David Brooks and the Sandhills Interns Take On the Badlands / by Mel Ziegler

A very chipper David called up, “Are you guys ready to go?” Three half asleep interns stumbled down the stairs, mumbling some words of agreement.  “Don’t overdo it on the granola, we’re going to eat at the Livestock auction,” David warned.  Well, nobody was listening and we all overdid it on the granola.   We piled in the car and made our way to the Sheridan Livestock Auction where we ran into the most beautiful border collie puppy, and made room for a wonderful second breakfast at the Café.  We watched a couple of cows get unloaded, and decided it was time to start the real road trip: Our journey to the Badlands.  

Of course, no road trip with David Brooks is complete without a couple of educational stops.  First, we stopped at a car wash to try and remedy the damage we had done by off-roading to go bird watching a few days before.  We would later learn that it would take not one, but three different attempts at cleaning to get rid of all of the sand.  A few bird-spottings later, we were in South Dakota.
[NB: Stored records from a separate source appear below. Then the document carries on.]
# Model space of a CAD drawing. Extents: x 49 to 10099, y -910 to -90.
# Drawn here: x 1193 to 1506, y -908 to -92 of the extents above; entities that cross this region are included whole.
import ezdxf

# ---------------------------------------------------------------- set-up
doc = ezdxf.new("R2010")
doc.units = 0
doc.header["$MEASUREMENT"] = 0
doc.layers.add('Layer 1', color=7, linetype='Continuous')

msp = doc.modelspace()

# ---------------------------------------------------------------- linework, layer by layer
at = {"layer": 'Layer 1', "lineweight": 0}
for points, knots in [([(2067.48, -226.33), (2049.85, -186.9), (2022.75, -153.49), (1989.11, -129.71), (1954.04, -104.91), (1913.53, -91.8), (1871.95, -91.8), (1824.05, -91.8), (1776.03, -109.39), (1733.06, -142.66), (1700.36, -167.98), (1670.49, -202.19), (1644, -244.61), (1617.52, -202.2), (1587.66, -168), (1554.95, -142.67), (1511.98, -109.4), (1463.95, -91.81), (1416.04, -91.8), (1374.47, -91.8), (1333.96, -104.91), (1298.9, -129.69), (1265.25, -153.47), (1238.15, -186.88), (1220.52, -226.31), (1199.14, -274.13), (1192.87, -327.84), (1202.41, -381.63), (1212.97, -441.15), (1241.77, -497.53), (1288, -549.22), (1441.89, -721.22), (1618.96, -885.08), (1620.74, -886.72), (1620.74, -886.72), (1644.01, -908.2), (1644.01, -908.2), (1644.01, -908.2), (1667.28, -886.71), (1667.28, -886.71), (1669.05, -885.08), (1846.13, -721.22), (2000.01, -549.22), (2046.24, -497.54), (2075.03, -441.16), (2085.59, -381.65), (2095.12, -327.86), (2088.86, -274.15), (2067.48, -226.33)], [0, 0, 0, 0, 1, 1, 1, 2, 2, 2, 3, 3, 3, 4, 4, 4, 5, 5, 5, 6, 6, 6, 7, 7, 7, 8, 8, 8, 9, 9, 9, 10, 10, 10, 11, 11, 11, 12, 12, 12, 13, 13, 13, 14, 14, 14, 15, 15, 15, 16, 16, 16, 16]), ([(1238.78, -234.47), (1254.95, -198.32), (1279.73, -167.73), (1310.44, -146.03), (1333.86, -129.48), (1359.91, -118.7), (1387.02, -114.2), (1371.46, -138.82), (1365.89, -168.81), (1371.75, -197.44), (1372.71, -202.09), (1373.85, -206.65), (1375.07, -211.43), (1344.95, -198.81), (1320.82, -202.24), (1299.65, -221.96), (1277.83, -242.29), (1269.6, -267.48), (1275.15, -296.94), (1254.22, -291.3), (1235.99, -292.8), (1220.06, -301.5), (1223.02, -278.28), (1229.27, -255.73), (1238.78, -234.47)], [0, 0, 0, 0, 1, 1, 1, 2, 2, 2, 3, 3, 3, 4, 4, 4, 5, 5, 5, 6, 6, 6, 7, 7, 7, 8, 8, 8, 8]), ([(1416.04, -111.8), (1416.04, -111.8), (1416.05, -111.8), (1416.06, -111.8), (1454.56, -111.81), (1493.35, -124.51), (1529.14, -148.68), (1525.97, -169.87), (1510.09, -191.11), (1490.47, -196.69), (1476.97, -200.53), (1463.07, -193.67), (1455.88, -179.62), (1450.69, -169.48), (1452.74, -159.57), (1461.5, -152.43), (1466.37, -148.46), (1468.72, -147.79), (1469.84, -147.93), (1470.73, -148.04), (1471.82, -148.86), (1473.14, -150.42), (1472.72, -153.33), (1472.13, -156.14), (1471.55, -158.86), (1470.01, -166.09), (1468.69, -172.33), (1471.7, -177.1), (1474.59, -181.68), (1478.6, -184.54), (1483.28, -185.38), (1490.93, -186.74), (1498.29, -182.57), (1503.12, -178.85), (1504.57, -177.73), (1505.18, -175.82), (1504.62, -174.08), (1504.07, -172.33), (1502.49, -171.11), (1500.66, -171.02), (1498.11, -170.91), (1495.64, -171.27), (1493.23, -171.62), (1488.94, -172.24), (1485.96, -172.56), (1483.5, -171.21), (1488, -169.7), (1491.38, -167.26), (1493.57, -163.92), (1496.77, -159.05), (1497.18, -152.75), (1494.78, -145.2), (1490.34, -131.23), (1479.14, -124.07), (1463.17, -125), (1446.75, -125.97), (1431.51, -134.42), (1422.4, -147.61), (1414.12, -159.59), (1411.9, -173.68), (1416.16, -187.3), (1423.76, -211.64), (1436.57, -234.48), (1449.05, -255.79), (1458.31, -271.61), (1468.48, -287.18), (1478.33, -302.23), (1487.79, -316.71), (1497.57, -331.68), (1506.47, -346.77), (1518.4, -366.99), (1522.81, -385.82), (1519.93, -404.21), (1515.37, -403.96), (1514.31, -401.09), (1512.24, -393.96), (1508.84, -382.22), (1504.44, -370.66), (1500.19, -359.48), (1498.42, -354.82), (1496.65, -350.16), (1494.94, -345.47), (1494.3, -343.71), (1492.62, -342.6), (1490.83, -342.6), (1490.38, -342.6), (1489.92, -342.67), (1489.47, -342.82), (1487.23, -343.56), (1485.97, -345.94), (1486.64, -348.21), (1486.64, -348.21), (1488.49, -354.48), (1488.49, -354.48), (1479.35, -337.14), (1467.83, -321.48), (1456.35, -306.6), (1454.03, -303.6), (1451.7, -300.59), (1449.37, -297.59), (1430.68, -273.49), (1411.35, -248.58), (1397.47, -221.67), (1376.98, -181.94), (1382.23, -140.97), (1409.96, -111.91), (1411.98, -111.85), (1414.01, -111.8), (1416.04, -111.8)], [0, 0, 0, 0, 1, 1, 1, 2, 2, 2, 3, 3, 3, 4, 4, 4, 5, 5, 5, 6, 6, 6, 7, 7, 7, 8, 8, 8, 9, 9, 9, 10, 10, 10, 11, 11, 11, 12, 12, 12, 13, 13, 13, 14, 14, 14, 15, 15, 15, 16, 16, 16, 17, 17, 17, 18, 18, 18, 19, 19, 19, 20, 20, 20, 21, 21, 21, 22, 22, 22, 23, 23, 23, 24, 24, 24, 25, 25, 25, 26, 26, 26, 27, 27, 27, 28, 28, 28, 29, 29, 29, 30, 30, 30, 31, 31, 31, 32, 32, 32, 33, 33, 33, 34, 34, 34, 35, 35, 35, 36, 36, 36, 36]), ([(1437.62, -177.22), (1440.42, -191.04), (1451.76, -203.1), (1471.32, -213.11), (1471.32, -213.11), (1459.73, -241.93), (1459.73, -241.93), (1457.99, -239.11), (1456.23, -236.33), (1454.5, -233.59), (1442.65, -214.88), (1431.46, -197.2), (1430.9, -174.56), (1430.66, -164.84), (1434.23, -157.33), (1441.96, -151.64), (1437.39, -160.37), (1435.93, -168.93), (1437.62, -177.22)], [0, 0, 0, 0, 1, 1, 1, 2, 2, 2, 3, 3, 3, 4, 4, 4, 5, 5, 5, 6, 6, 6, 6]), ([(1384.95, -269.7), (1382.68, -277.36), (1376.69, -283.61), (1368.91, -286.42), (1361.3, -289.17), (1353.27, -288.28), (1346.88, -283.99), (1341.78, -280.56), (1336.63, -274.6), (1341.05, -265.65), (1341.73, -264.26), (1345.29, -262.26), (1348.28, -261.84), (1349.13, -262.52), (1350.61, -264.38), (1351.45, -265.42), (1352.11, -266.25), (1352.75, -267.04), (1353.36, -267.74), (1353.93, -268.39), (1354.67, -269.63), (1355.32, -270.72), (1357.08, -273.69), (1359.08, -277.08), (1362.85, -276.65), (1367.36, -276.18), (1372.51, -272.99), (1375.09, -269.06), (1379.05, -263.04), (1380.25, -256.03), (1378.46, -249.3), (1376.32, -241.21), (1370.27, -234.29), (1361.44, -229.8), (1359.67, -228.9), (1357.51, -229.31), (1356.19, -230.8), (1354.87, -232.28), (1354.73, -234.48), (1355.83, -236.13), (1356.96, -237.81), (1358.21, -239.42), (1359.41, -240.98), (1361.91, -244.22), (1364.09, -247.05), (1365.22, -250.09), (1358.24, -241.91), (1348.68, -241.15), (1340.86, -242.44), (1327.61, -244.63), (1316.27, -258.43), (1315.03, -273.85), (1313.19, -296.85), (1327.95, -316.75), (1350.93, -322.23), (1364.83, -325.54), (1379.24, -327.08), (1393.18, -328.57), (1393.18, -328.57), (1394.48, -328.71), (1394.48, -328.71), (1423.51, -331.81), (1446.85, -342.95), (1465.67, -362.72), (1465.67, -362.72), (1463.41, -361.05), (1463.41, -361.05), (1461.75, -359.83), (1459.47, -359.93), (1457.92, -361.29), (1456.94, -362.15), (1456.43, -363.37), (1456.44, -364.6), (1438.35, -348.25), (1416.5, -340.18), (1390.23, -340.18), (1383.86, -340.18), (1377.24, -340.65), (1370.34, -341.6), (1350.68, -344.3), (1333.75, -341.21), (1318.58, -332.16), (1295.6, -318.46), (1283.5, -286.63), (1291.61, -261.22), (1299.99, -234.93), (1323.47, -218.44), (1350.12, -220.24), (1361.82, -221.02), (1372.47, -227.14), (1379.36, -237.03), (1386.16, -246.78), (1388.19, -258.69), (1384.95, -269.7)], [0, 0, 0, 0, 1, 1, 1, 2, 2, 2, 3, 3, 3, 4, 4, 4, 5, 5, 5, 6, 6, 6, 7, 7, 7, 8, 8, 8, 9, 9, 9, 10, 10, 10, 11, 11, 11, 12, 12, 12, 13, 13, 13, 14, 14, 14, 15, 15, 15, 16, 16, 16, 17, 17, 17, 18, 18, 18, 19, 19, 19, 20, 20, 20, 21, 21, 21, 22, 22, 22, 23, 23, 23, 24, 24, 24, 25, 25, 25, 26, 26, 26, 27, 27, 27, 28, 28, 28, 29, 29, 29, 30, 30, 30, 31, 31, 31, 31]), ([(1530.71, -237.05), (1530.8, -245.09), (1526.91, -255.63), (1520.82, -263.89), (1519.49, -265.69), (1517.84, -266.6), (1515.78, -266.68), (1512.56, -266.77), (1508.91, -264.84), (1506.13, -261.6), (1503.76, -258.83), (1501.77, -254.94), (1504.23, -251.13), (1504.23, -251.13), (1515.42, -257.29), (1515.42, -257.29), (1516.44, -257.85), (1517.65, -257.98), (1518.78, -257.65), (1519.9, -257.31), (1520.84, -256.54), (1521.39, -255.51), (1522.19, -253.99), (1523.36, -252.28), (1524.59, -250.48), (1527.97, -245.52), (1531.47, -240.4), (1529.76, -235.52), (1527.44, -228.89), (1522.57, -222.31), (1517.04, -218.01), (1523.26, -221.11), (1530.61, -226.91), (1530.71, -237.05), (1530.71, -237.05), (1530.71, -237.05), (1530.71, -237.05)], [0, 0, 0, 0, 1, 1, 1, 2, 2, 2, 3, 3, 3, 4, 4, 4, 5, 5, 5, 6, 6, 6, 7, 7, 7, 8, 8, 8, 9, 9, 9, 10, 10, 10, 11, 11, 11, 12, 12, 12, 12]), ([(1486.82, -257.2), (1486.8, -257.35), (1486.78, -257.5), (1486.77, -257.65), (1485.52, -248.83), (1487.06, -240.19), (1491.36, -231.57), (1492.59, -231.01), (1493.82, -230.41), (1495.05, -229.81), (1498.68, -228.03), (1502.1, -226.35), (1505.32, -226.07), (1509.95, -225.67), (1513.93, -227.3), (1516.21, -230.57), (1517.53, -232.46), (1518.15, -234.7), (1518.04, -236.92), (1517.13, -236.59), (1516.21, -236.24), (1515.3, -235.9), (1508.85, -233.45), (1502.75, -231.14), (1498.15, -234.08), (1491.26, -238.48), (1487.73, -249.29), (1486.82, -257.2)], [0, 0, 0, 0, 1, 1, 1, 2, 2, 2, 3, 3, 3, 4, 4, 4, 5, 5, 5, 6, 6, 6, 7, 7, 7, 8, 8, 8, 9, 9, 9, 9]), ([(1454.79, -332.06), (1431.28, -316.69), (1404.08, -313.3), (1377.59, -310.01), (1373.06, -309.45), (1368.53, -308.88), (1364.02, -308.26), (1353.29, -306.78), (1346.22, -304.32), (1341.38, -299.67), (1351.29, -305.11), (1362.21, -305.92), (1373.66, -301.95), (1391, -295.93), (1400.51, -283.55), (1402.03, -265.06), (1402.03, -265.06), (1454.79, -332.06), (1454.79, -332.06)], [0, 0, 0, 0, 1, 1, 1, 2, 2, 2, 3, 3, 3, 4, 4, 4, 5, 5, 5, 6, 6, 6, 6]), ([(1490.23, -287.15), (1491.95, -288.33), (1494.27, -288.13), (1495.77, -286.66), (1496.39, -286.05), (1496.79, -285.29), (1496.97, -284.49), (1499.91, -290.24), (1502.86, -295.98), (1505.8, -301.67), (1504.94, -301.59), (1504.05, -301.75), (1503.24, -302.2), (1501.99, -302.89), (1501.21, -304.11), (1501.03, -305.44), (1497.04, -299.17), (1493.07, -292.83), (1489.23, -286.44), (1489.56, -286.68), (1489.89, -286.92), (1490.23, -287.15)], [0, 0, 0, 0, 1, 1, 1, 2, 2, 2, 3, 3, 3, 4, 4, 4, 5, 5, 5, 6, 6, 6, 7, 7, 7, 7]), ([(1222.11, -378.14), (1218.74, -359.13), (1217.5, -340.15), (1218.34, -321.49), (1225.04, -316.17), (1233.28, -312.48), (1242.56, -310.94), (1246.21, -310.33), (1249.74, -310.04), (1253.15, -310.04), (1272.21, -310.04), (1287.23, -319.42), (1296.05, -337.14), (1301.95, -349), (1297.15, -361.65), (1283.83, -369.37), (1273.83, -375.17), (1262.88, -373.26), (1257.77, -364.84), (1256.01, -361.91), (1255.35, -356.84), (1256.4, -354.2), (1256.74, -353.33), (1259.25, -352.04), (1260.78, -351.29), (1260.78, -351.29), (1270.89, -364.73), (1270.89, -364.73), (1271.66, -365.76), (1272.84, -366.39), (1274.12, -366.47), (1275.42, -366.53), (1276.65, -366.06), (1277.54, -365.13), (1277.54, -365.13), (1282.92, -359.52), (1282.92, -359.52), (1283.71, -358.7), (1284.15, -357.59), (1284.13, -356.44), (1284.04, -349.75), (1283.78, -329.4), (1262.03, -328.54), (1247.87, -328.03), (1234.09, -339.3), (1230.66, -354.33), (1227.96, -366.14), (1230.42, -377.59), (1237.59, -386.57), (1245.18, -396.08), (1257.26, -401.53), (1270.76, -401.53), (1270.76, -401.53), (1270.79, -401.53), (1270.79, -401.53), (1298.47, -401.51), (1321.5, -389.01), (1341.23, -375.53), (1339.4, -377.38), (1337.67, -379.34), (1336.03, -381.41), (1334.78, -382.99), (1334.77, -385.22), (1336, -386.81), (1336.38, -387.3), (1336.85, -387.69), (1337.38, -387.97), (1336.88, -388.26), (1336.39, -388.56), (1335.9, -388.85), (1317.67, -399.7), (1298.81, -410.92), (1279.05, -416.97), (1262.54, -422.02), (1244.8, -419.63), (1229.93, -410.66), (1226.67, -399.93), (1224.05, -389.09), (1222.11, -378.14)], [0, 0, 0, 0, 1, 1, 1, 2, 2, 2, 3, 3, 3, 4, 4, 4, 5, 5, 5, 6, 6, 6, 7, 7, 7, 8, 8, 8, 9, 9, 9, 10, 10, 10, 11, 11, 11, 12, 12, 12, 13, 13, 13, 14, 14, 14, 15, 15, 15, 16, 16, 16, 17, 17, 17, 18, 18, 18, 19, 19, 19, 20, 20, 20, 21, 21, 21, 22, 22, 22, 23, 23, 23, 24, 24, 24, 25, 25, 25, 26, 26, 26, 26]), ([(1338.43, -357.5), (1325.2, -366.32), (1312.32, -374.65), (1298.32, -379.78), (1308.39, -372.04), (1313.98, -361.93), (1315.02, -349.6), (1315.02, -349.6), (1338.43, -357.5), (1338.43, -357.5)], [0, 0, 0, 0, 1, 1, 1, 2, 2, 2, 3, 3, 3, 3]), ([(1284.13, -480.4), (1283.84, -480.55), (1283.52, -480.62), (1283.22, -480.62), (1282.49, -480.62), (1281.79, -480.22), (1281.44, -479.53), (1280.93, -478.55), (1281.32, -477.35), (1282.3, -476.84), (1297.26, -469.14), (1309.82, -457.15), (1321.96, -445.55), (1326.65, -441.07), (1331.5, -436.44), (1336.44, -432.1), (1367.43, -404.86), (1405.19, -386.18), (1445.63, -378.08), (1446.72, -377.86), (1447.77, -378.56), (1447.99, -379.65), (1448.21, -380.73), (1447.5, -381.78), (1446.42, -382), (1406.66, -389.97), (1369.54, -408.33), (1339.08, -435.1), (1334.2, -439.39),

We drove to the historic site of the Wounded Knee Massacre at the Pine Ridge Indian Reservation. Here a deadly conflict took place in 1890 between the Lakota people and representatives of the U.S. government, leaving 150 Lakota men, women, and children dead and 51 more wounded. It is also the site of the 1973 protest in which members of the American Indian Movement occupied Wounded Knee for 71 days to call to attention the conditions on the reservation. We met a woman selling dream catchers and jewelry who was kind to let us know that Sioux, the name used on the site maker, is a French-given name that translates to “snake in the grass,” and people of Pine Ridge definitely prefer to be called the Lakota.  She then directed us to visit an informational sign on the historic event, and told us about an up-and-coming museum to be opened by next summer. We walked up the hill to pay our respects at the mass gravesite of the victims, which continues to be a community graveyard today for family members funerals.

For many of us this was our first time on a Native American Reservation.  It opened up many questions for me as we piled back in the car and headed for the Badlands.  Slowly, the landscape began to change from rolling grasslands, to magnificent layered rock formations, awesome spires, and breathtaking canyons.  We made our way through the park and found the start of the Saddle Pass trail. Us interns hiked to the tallest peak in sight, after David challenged us to get to the top.  While waiting for David to join us, we spotted him, at least 600 feet below us, chasing birds with his binoculars.  We half hiked, half stumbled down the peak to meet up with him and continue the search for the elusive Prairie Eagle.  Our hiking was cut short when we realized that we all toted cameras along instead of bottles of water.  

By the way, the Wall Drug Store has the best advertising strategies I’ve ever seen.  Immediately after chugging the remainder of the water bottle I left in the car, I saw a sign that said “Free Ice Water” just outside of Badlands National Park.  A few more followed advertising ice cream, lunch, and 5¢ coffee. Sold.

“Are you sure you guys don’t want a real lunch?” David asked. “No,” we said in unison with a mouthful of ice cream. He shrugged and finished his sandwich while we chowed down on twenty dollars’ worth of red raspberry ice cream. We then walked around in awe of this overwhelming landmark in American tourism.  Wall boasted kitschy western storefronts, photo opportunities, an arcade, and walls upon walls of souvenirs.  After falling victim to the clever marketing ploys of Wall, we journeyed forth to Mount Rushmore.  

I’m pretty sure everyone fell into a food coma, so I don’t remember anything from the drive, but I do remember waking up in marvel of the Black Hills National Forest.  Instead of the vast, rolling grasslands we had grown accustomed to in the Sandhills, we were suddenly surrounded by mountains covered in beautiful pine trees. Suddenly, Mount Rushmore was no longer just a picture I remembered in my third grade textbook.  We brought our own binoculars and took turns waiting to examine the monument up close and personal.  This soon devolved into us Photoshopping our own faces over top of the “four most important men in American history at the time it was built” via Snapchat. (P.S. Don’t go to Mt Rushmore at sunset because it’s backlit and you’ll go blind from trying to look at it for too long.)

The time finally came to go back home to the Sandhills Institute.  It was a long, arduous, and hangry drive.  Just before we made it home, we nearly hit three black cows that had gotten loose!  Luckily, Marguerite was brave enough to get out of the car and herd them inside of one of our pastures to stay until morning.  We snuck back into the house around eleven at night, and proceeded to eat all of the leftovers in the fridge.  We ended the night marveling at all of the potential for adventure that lies around the Sandhills Institute.  In just a day trip, we saw a National Park, Monument, and Historic Landmark. We even fostered friendships between aspiring and professional artists along the way.